(Dataset entries)
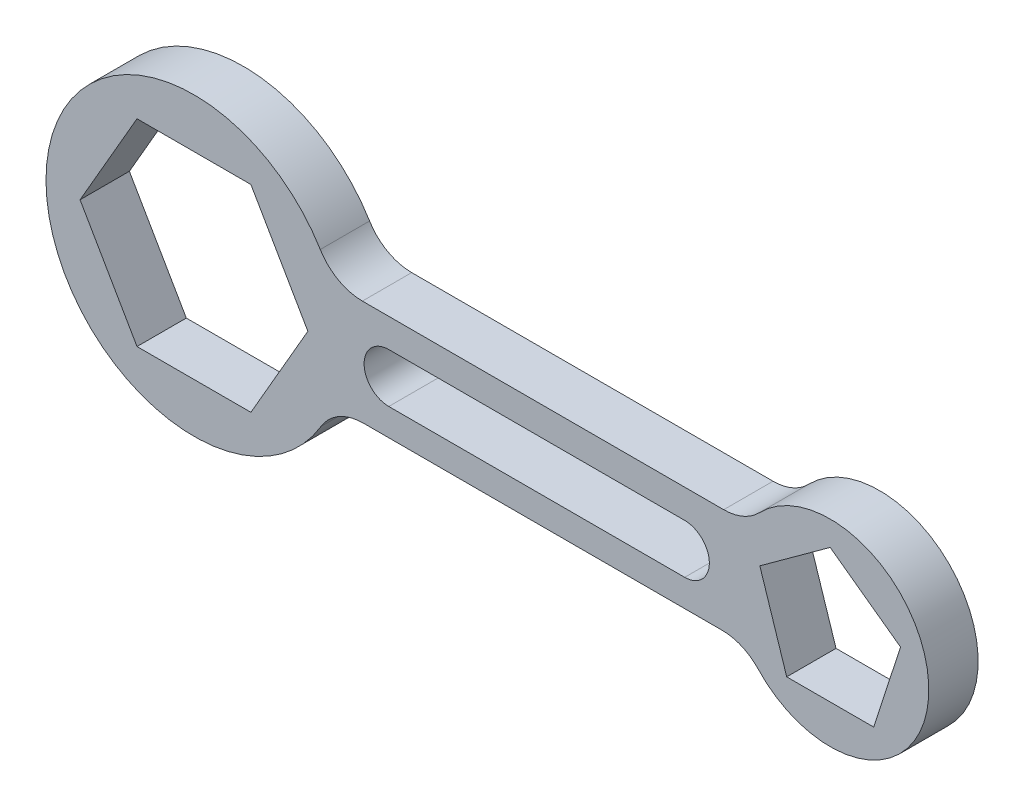
SolidWorks part; units mm, degrees
ref_plane "Front Plane" through (0, 0, 0) normal (0, 0, 1) x (1, 0, 0)
ref_plane "Top Plane" through (0, 0, 0) normal (0, 1, 0) x (1, 0, 0)
ref_plane "Right Plane" through (0, 0, 0) normal (1, 0, 0) x (0, 0, -1)
sketch "Sketch1" plane through (0, 0, 0) normal (0, 0, 1) x (1, 0, 0)
  line L0 (39.5, 0) -> (99.5, 0) construction
  line L8 (11.547, 20) -> (-11.547, 20)
  line L9 (-11.547, 20) -> (-23.094, 0)
  line L10 (-23.094, 0) -> (-11.547, -20)
  line L11 (-11.547, -20) -> (11.547, -20)
  line L12 (11.547, -20) -> (23.094, 0)
  line L13 (23.094, 0) -> (11.547, 20)
  line L14 (129, 15) -> (114.7342, 4.6353)
  line L15 (114.7342, 4.6353) -> (120.1832, -12.1353)
  line L16 (120.1832, -12.1353) -> (137.8168, -12.1353)
  line L17 (137.8168, -12.1353) -> (143.2658, 4.6353)
  line L18 (143.2658, 4.6353) -> (129, 15)
  line L19 (34.1482, 10.8303) -> (107.4107, 10.8303)
  line L20 (34.3467, -10.5013) -> (107.098, -10.5013)
  line L23 (39.5, 5) -> (99.5, 5)
  line L24 (39.5, -5) -> (99.5, -5)
  arc A0 (25.6112, 15.6227) -> (25.76, -15.376) centre (0, 0) ccw
  arc A1 (114.3987, -13.6675) -> (114.6071, 13.8868) centre (129, 0) ccw
  circle A2 centre (0, 0) radius 20 construction
  circle A3 centre (129, 0) radius 12.1353 construction
  arc A6 (39.5, 5) -> (39.5, -5) centre (39.5, 0) ccw
  arc A7 (99.5, -5) -> (99.5, 5) centre (99.5, 0) ccw
  arc A8 (34.1482, 10.8303) -> (25.6112, 15.6227) centre (34.1482, 20.8303) cw
  arc A9 (34.3467, -10.5013) -> (25.76, -15.376) centre (34.3467, -20.5013) ccw
  arc A10 (107.4107, 10.8303) -> (114.6071, 13.8868) centre (107.4107, 20.8303) ccw
  arc A11 (114.3987, -13.6675) -> (107.098, -10.5013) centre (107.098, -20.5013) ccw
  point P19 (0, -11.805)
  point P25 (69.5, 0)
  dimension "D1" = 60
  dimension "D3" = 40
  dimension "D7" = 10
  dimension "D6" = 10
  dimension "D8" = 10
  dimension "D9" = 10
  dimension "D2" = 129
  dimension "D4" = 20
  dimension "D5" = 15
extrude "Boss-Extrude1" add sketch "Sketch1" along normal blind 10

> [GOAL OF THE EXERCISE] Make a word-for-word copy of the entries, without any pictures.

> [ANSWER FOR THE TASK]
SolidWorks part; units mm, degrees
ref_plane "Front Plane" through (0, 0, 0) normal (0, 0, 1) x (1, 0, 0)
ref_plane "Top Plane" through (0, 0, 0) normal (0, 1, 0) x (1, 0, 0)
ref_plane "Right Plane" through (0, 0, 0) normal (1, 0, 0) x (0, 0, -1)
sketch "Sketch1" plane through (0, 0, 0) normal (0, 0, 1) x (1, 0, 0)
  line L0 (39.5, 0) -> (99.5, 0) construction
  line L8 (11.547, 20) -> (-11.547, 20)
  line L9 (-11.547, 20) -> (-23.094, 0)
  line L10 (-23.094, 0) -> (-11.547, -20)
  line L11 (-11.547, -20) -> (11.547, -20)
  line L12 (11.547, -20) -> (23.094, 0)
  line L13 (23.094, 0) -> (11.547, 20)
  line L14 (129, 15) -> (114.7342, 4.6353)
  line L15 (114.7342, 4.6353) -> (120.1832, -12.1353)
  line L16 (120.1832, -12.1353) -> (137.8168, -12.1353)
  line L17 (137.8168, -12.1353) -> (143.2658, 4.6353)
  line L18 (143.2658, 4.6353) -> (129, 15)
  line L19 (34.1482, 10.8303) -> (107.4107, 10.8303)
  line L20 (34.3467, -10.5013) -> (107.098, -10.5013)
  line L23 (39.5, 5) -> (99.5, 5)
  line L24 (39.5, -5) -> (99.5, -5)
  arc A0 (25.6112, 15.6227) -> (25.76, -15.376) centre (0, 0) ccw
  arc A1 (114.3987, -13.6675) -> (114.6071, 13.8868) centre (129, 0) ccw
  circle A2 centre (0, 0) radius 20 construction
  circle A3 centre (129, 0) radius 12.1353 construction
  arc A6 (39.5, 5) -> (39.5, -5) centre (39.5, 0) ccw
  arc A7 (99.5, -5) -> (99.5, 5) centre (99.5, 0) ccw
  arc A8 (34.1482, 10.8303) -> (25.6112, 15.6227) centre (34.1482, 20.8303) cw
  arc A9 (34.3467, -10.5013) -> (25.76, -15.376) centre (34.3467, -20.5013) ccw
  arc A10 (107.4107, 10.8303) -> (114.6071, 13.8868) centre (107.4107, 20.8303) ccw
  arc A11 (114.3987, -13.6675) -> (107.098, -10.5013) centre (107.098, -20.5013) ccw
  point P19 (0, -11.805)
  point P25 (69.5, 0)
  dimension "D1" = 60
  dimension "D3" = 40
  dimension "D7" = 10
  dimension "D6" = 10
  dimension "D8" = 10
  dimension "D9" = 10
  dimension "D2" = 129
  dimension "D4" = 20
  dimension "D5" = 15
extrude "Boss-Extrude1" add sketch "Sketch1" along normal blind 10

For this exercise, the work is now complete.